Acid-Base Physiology: Examples for 9.6
Case History 7: A man with diarrhoea and dehydration
A 44 year old moderately dehydrated man was admitted with a two day history of acute severe diarrhoea. Electrolyte
results (in mmol/l): Na+ 134, K+ 2.9, Cl- 113, HCO3- 16, urea 12.3,
creatinine 0.30 mmol/l. Anion gap 8.
Arterial Blood Gases
pCO2 33 mmHg
pO2 - not given
HCO3 16 mmol/l
K+ 2.1 mmol/l
Firstly, the initial clinical assessment
The possibilities suggested by the history of severe diarrhoea with hypovolaemia are:
- Hyperchloraemia with normal anion-gap acidosis due to the diarrhoea
- Acute pre-renal renal failure with elevated urea and creatinine
- Acute lactic acidosis (high anion gap acidosis) due to peripheral circulatory failure.
Secondly, the acid-base diagnosis
Looking at the results systematically:-
- pH: A net acidaemia is present so an acidosis must be present to have caused this.
- Pattern: Both the pCO2 & HCO3 are low - this pattern is found in respiratory alkalosis and in metabolic
acidosis. Now we know that an acidosis must be present (because of the acidaemia), so therefore the diagnosis is metabolic acidosis
- The normal anion gap with an elevated chloride suggests a normal anion gap acidosis.
- The elevated urea & creatinine is noted but this has not been sufficient to elevate the anion gap so there has not been
significant retention of acid anions.
- There is no evidence to support the co-existence of a high AG acidosis and a normal AG acidosis.
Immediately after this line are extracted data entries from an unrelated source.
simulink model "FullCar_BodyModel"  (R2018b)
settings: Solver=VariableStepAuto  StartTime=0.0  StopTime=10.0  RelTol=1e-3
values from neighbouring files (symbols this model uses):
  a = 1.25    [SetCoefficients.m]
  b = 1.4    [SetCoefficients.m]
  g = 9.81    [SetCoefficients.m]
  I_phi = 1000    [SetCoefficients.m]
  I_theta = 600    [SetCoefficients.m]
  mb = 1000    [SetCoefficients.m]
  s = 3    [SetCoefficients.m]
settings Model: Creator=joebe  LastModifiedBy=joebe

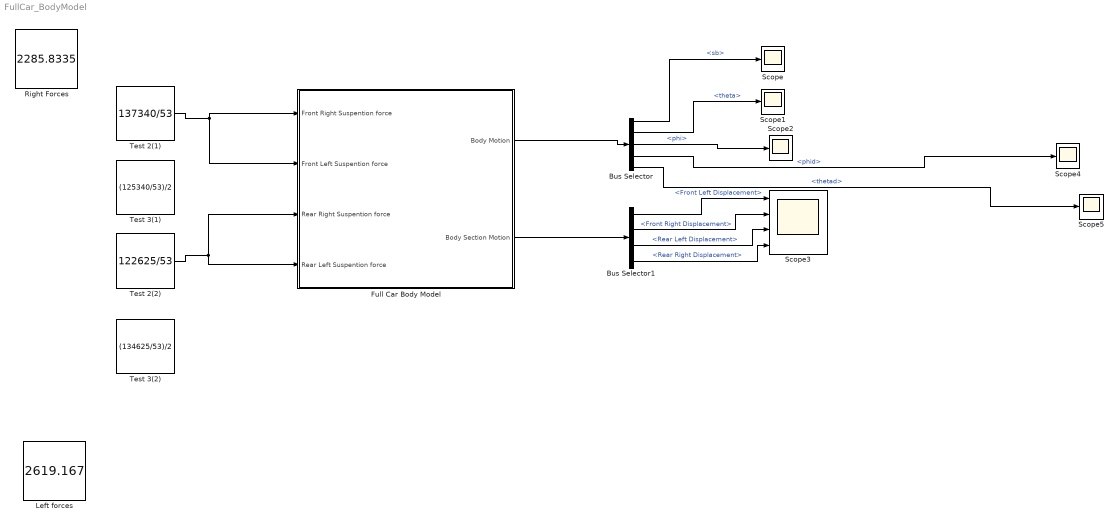
== system FullCar_BodyModel ==
  Bus Selector : BusSelector  OutputSignals=Body Vertical Motion.sb,body pitch motion.theta,Body Pitch motion.phi,Body Pitch motion.phid,body pitch motion.thetad
  Bus Selector1 : BusSelector  OutputSignals=Front Left Body Motion.Front Left Displacement,Front Right Body Motion.Front Right Displacement,Rear Left Body Motion.Rear Left Displacement,Rear Right Body Motion.Rear Right Displacement
  Full Car Body Model : Subsystem
  Left forces : Constant  Value=2619.167
  Right Forces : Constant  Value=2285.8335
  Scope{,1..2,4..5} (5 alike) : Scope
  Scope3 : Scope  NumInputPorts=4
  Test 2(1) : Constant  Value=137340/53
  Test 2(2) : Constant  Value=122625/53
  Test 3(1) : Constant  Value=(125340/53)/2
  Test 3(2) : Constant  Value=(134625/53)/2
  wires:
  Full Car Body Model/1(Body Motion) -> Bus Selector/1
  Bus Selector/3 -> Scope2/1  "<phi>"
  Bus Selector/2 -> Scope1/1  "<theta>"
  Bus Selector/1 -> Scope/1  "<sb>"
  Full Car Body Model/2(Body Section Motion) -> Bus Selector1/1
  Bus Selector1/1 -> Scope3/1  "<Front Left Displacement>"
  Bus Selector1/2 -> Scope3/2  "<Front Right Displacement>"
  Bus Selector1/3 -> Scope3/3  "<Rear Left Displacement>"
  Bus Selector1/4 -> Scope3/4  "<Rear Right Displacement>"
  Test 2(2)/1 -> Full Car Body Model/4(Rear Left Suspention force), Full Car Body Model/3(Rear Right Suspention force)
  Test 2(1)/1 -> Full Car Body Model/1(Front Right Suspention force), Full Car Body Model/2(Front Left Suspention force)
  Bus Selector/4 -> Scope4/1  "<phid>"
  Bus Selector/5 -> Scope5/1  "<thetad>"

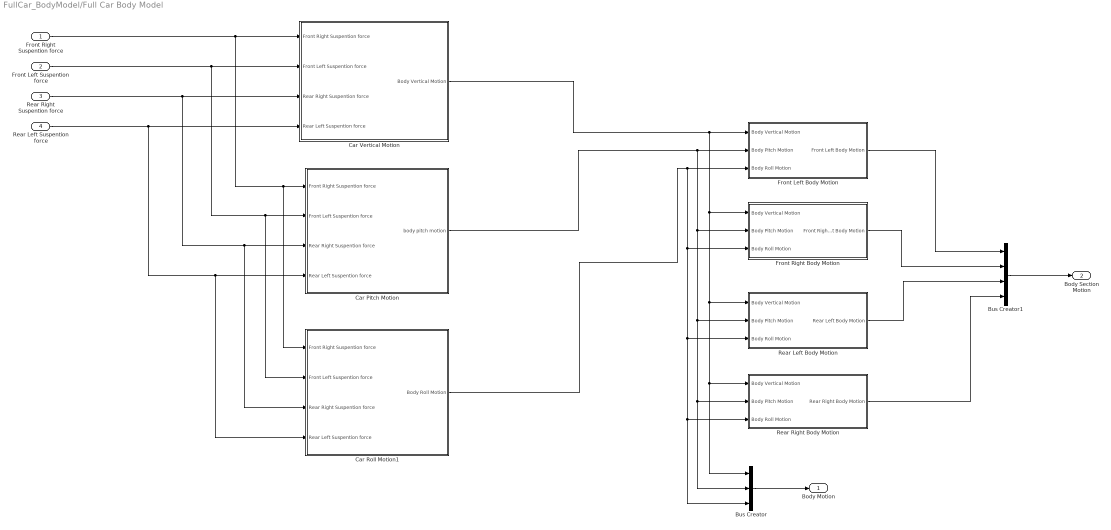
== system FullCar_BodyModel/Full Car Body Model ==
  Front Right Suspention force : Inport
  Front Left Suspention force : Inport  Port=2
  Rear Right Suspention force : Inport  Port=3
  Rear Left Suspention force : Inport  Port=4
  Bus Creator : BusCreator  Inputs=3
  Bus Creator1 : BusCreator  Inputs=4
  Car Pitch Motion : Subsystem
  Car Roll Motion1 : Subsystem
  Car Vertical Motion : Subsystem
  Front Left Body Motion : Subsystem
  "Front Right Body Motion " : Subsystem
  Rear Left Body Motion : Subsystem
  Rear Right Body Motion : Subsystem
  Body Motion : Outport
  Body Section Motion : Outport  Port=2
  wires:
  Front Right Suspention force/1 -> Car Roll Motion1/1(Front Right Suspention force), Car Pitch Motion/1(Front Right Suspention force), Car Vertical Motion/1(Front Right Suspention force)
  Front Left Suspention force/1 -> Car Roll Motion1/2(Front Left Suspention force), Car Pitch Motion/2(Front Left Suspention force), Car Vertical Motion/2(Front Left Suspention force)
  Rear Right Suspention force/1 -> Car Roll Motion1/3(Rear Right Suspention force), Car Pitch Motion/3(Rear Right Suspention force), Car Vertical Motion/3(Rear Right Suspention force)
  Car Vertical Motion/1(Body Vertical Motion) -> Bus Creator/1, Rear Right Body Motion/1(Body Vertical Motion), Rear Left Body Motion/1(Body Vertical Motion), "Front Right Body Motion "/1(Body Vertical Motion), Front Left Body Motion/1(Body Vertical Motion)
  Rear Left Suspention force/1 -> Car Roll Motion1/4(Rear Left Suspention force), Car Pitch Motion/4(Rear Left Suspention force), Car Vertical Motion/4(Rear Left Suspention force)
  Car Roll Motion1/1(Body Roll Motion) -> Bus Creator/3, Rear Right Body Motion/3(Body Roll Motion), Rear Left Body Motion/3(Body Roll Motion), "Front Right Body Motion "/3(Body Roll Motion), Front Left Body Motion/3(Body Roll Motion)
  Car Pitch Motion/1(body pitch motion) -> Bus Creator/2, Rear Right Body Motion/2(Body Pitch Motion), Rear Left Body Motion/2(Body Pitch Motion), "Front Right Body Motion "/2(Body Pitch Motion), Front Left Body Motion/2(Body Pitch Motion)
  Bus Creator/1 -> Body Motion/1
  Bus Creator1/1 -> Body Section Motion/1
  Front Left Body Motion/1(Front Left Body Motion) -> Bus Creator1/1
  "Front Right Body Motion "/1(Front Right Body Motion) -> Bus Creator1/2
  Rear Left Body Motion/1(Rear Left Body Motion) -> Bus Creator1/3
  Rear Right Body Motion/1(Rear Right Body Motion) -> Bus Creator1/4

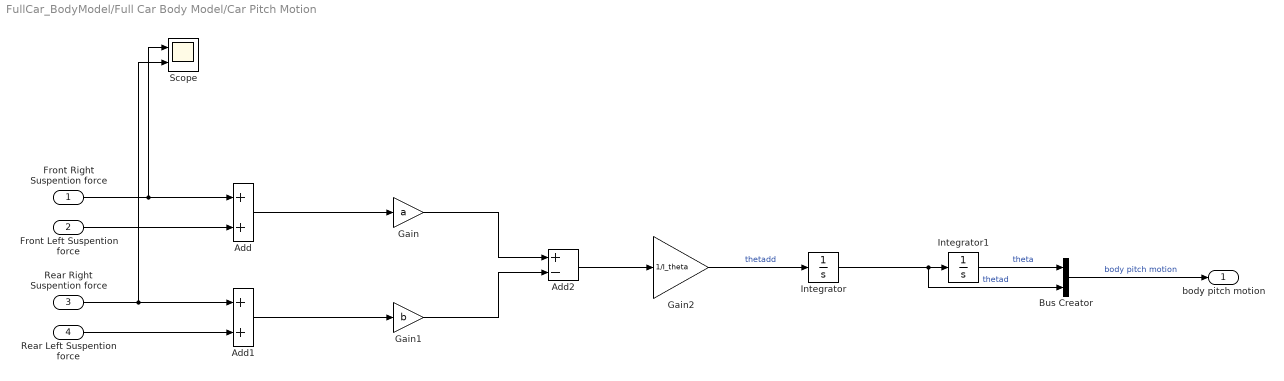
== system FullCar_BodyModel/Full Car Body Model/Car Pitch Motion ==
  Front Right Suspention force : Inport
  Front Left Suspention force : Inport  Port=2
  Rear Right Suspention force : Inport  Port=3
  Rear Left Suspention force : Inport  Port=4
  Add : Sum
  Add1 : Sum
  Add2 : Sum  Inputs=+-
  Bus Creator : BusCreator  Inputs=2
  Gain : Gain  Gain=a
  Gain1 : Gain  Gain=b
  Gain2 : Gain  Gain=1/I_theta
  Integrator : Integrator
  Integrator1 : Integrator
  Scope : Scope  NumInputPorts=2
  body pitch motion : Outport
  wires:
  Gain/1 -> Add2/1
  Gain1/1 -> Add2/2
  Gain2/1 -> Integrator/1  "thetadd"
  Add1/1 -> Gain1/1
  Add2/1 -> Gain2/1
  Integrator/1 -> Bus Creator/2, Integrator1/1  "thetad"
  Rear Right Suspention force/1 -> Add1/1, Scope/2
  Add/1 -> Gain/1
  Integrator1/1 -> Bus Creator/1  "theta"
  Front Right Suspention force/1 -> Scope/1, Add/1
  Bus Creator/1 -> body pitch motion/1  "body pitch motion"
  Front Left Suspention force/1 -> Add/2
  Rear Left Suspention force/1 -> Add1/2

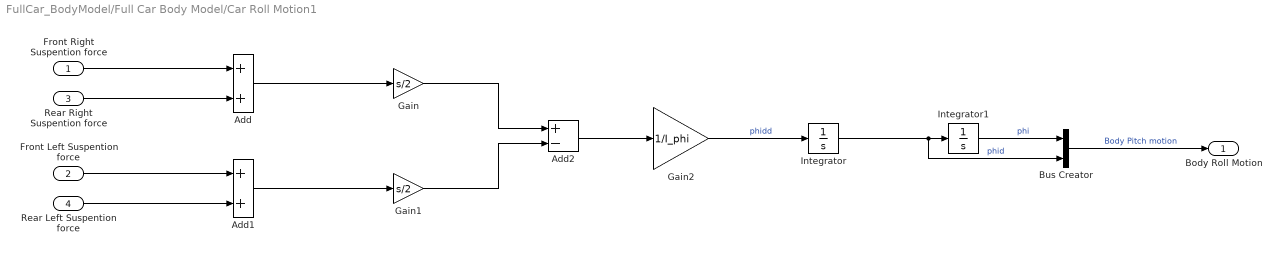
== system FullCar_BodyModel/Full Car Body Model/Car Roll Motion1 ==
  Front Right Suspention force : Inport
  Front Left Suspention force : Inport  Port=2
  Rear Right Suspention force : Inport  Port=3
  Rear Left Suspention force : Inport  Port=4
  Add : Sum
  Add1 : Sum
  Add2 : Sum  Inputs=+-
  Bus Creator : BusCreator  Inputs=2
  Gain : Gain  Gain=s/2
  Gain1 : Gain  Gain=s/2
  Gain2 : Gain  Gain=1/I_phi
  Integrator : Integrator
  Integrator1 : Integrator
  Body Roll Motion : Outport
  wires:
  Gain/1 -> Add2/1
  Gain1/1 -> Add2/2
  Gain2/1 -> Integrator/1  "phidd"
  Add1/1 -> Gain1/1
  Add2/1 -> Gain2/1
  Integrator/1 -> Bus Creator/2, Integrator1/1  "phid"
  Add/1 -> Gain/1
  Integrator1/1 -> Bus Creator/1  "phi"
  Front Right Suspention force/1 -> Add/1
  Bus Creator/1 -> Body Roll Motion/1  "Body Pitch motion"
  Rear Left Suspention force/1 -> Add1/2
  Rear Right Suspention force/1 -> Add/2
  Front Left Suspention force/1 -> Add1/1

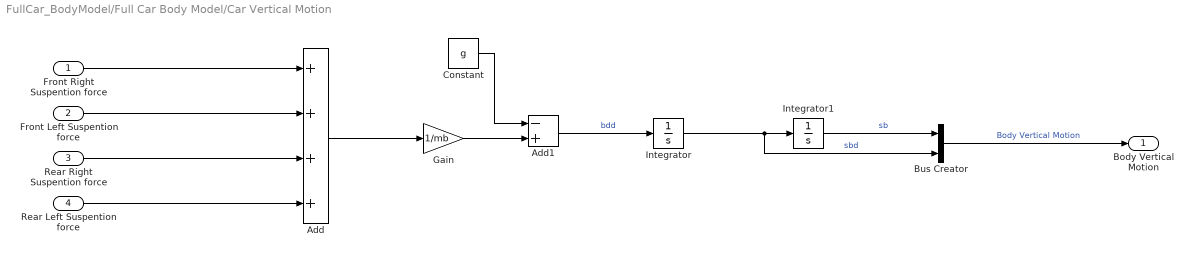
== system FullCar_BodyModel/Full Car Body Model/Car Vertical Motion ==
  Front Right Suspention force : Inport
  Front Left Suspention force : Inport  Port=2
  Rear Right Suspention force : Inport  Port=3
  Rear Left Suspention force : Inport  Port=4
  Add : Sum  Inputs=4
  Add1 : Sum  Inputs=-+
  Bus Creator : BusCreator  Inputs=2
  Constant : Constant  Value=g
  Gain : Gain  Gain=1/mb
  Integrator : Integrator
  Integrator1 : Integrator
  Body Vertical Motion : Outport
  wires:
  Constant/1 -> Add1/1
  Add1/1 -> Integrator/1  "bdd"
  Add/1 -> Gain/1
  Integrator/1 -> Bus Creator/2, Integrator1/1  "sbd"
  Integrator1/1 -> Bus Creator/1  "sb"
  Rear Right Suspention force/1 -> Add/3
  Gain/1 -> Add1/2
  Bus Creator/1 -> Body Vertical Motion/1  "Body Vertical Motion"
  Front Left Suspention force/1 -> Add/2
  Front Right Suspention force/1 -> Add/1
  Rear Left Suspention force/1 -> Add/4

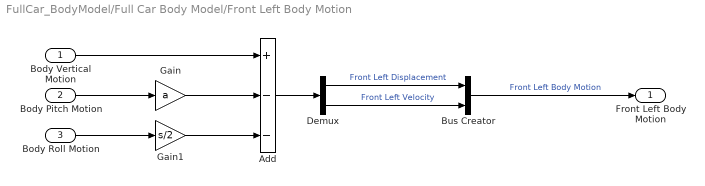
== system FullCar_BodyModel/Full Car Body Model/Front Left Body Motion ==
  Body Vertical Motion : Inport
  Body Pitch Motion : Inport  Port=2
  Body Roll Motion : Inport  Port=3
  Add : Sum  Inputs=+--
  Bus Creator : BusCreator  Inputs=2
  Demux : Demux  Outputs=2
  Gain : Gain  Gain=a
  Gain1 : Gain  Gain=s/2
  Front Left Body Motion : Outport
  wires:
  Body Roll Motion/1 -> Gain1/1
  Gain1/1 -> Add/3
  Body Pitch Motion/1 -> Gain/1
  Gain/1 -> Add/2
  Body Vertical Motion/1 -> Add/1
  Add/1 -> Demux/1
  Demux/1 -> Bus Creator/1  "Front Left Displacement"
  Demux/2 -> Bus Creator/2  "Front Left Velocity"
  Bus Creator/1 -> Front Left Body Motion/1  "Front Left Body Motion"

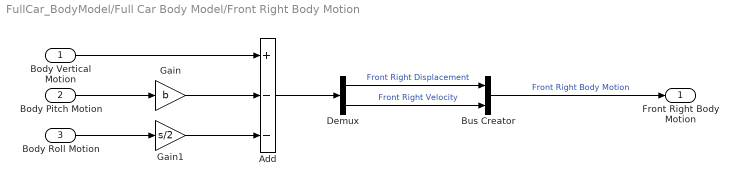
== system FullCar_BodyModel/Full Car Body Model/Front Right Body Motion  ==
  Body Vertical Motion : Inport
  Body Pitch Motion : Inport  Port=2
  Body Roll Motion : Inport  Port=3
  Add : Sum  Inputs=+--
  Bus Creator : BusCreator  Inputs=2
  Demux : Demux  Outputs=2
  Gain : Gain  Gain=b
  Gain1 : Gain  Gain=s/2
  Front Right Body Motion : Outport
  wires:
  Body Roll Motion/1 -> Gain1/1
  Gain1/1 -> Add/3
  Body Pitch Motion/1 -> Gain/1
  Gain/1 -> Add/2
  Body Vertical Motion/1 -> Add/1
  Demux/1 -> Bus Creator/1  "Front Right Displacement"
  Demux/2 -> Bus Creator/2  "Front Right Velocity"
  Add/1 -> Demux/1
  Bus Creator/1 -> Front Right Body Motion/1  "Front Right Body Motion"

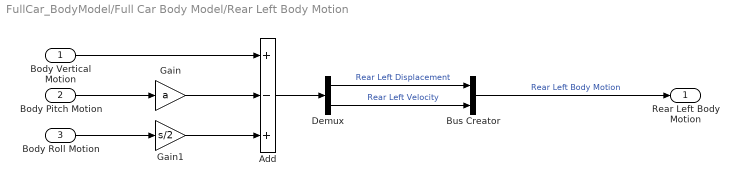
== system FullCar_BodyModel/Full Car Body Model/Rear Left Body Motion ==
  Body Vertical Motion : Inport
  Body Pitch Motion : Inport  Port=2
  Body Roll Motion : Inport  Port=3
  Add : Sum  Inputs=+-+
  Bus Creator : BusCreator  Inputs=2
  Demux : Demux  Outputs=2
  Gain : Gain  Gain=a
  Gain1 : Gain  Gain=s/2
  Rear Left Body Motion : Outport
  wires:
  Body Roll Motion/1 -> Gain1/1
  Gain1/1 -> Add/3
  Body Pitch Motion/1 -> Gain/1
  Gain/1 -> Add/2
  Body Vertical Motion/1 -> Add/1
  Demux/1 -> Bus Creator/1  "Rear Left Displacement"
  Demux/2 -> Bus Creator/2  "Rear Left Velocity"
  Add/1 -> Demux/1
  Bus Creator/1 -> Rear Left Body Motion/1  "Rear Left Body Motion"

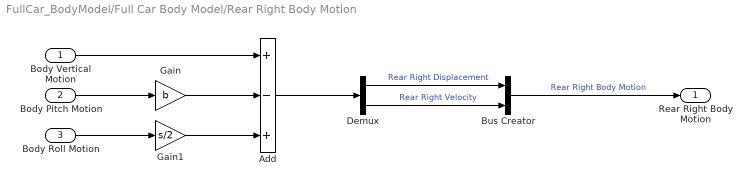
== system FullCar_BodyModel/Full Car Body Model/Rear Right Body Motion ==
  Body Vertical Motion : Inport
  Body Pitch Motion : Inport  Port=2
  Body Roll Motion : Inport  Port=3
  Add : Sum  Inputs=+-+
  Bus Creator : BusCreator  Inputs=2
  Demux : Demux  Outputs=2
  Gain : Gain  Gain=b
  Gain1 : Gain  Gain=s/2
  Rear Right Body Motion : Outport
  wires:
  Body Roll Motion/1 -> Gain1/1
  Gain1/1 -> Add/3
  Body Pitch Motion/1 -> Gain/1
  Gain/1 -> Add/2
  Body Vertical Motion/1 -> Add/1
  Demux/1 -> Bus Creator/1  "Rear Right Displacement"
  Demux/2 -> Bus Creator/2  "Rear Right Velocity"
  Add/1 -> Demux/1
  Bus Creator/1 -> Rear Right Body Motion/1  "Rear Right Body Motion"

The delta ratio is slightly negative and certainly not in the range which would suggest a combined acidosis.
- Compensation: Here we ask is the respiratory compensation appropriate? The maximal amount of respiratory
compensation takes 12-24 hours to occur so sufficient time has elapsed. The expected pCO2 (by Rule 5) is
(1.5 x 16 + 8) which is 32 mmHg. This is close to the actual measured value of 33mmHg, so no primary respiratory
disorder is present. This is consistent with the history as there was no evidence of a respiratory disorder.
- Formulation: The acid-base diagnosis is a normal anion gap metabolic acidosis with appropriate respiratory
- Confirmation: This is no investigation which can assist here. A lactate level would have been useful to totally
exclude any lactic acidosis.
Finally, the clinical diagnosis
This patient has acute diarrhoea causing a mild normal anion gap metabolic
acidosis. The volume loss is probably responsible for pre-renal azotaemia.
Pertinent points were the acidaemia, elevated chloride, normal anion gap and the elevation of urea and
creatinine. Note that this laboratory has calculated the anion gap as (Na + K) - (Cl + HCO3).
Some pre-renal renal failure is present but there is no evidence of a high anion gap acidosis due to renal
failure. As a general guideline, acidosis usually does not occur in renal failure until GFR is less than 20
mls/min (or a creatinine level of about 0.30-0.35 mmol/l). Similarly tissue perfusion is still adequate
enough to prevent development of a lactic acidosis. Hypovolaemia results in secondary hyperaldosteronism
which increases sodium reabsorption but increases excretion of K+ resulting in hypokalaemia.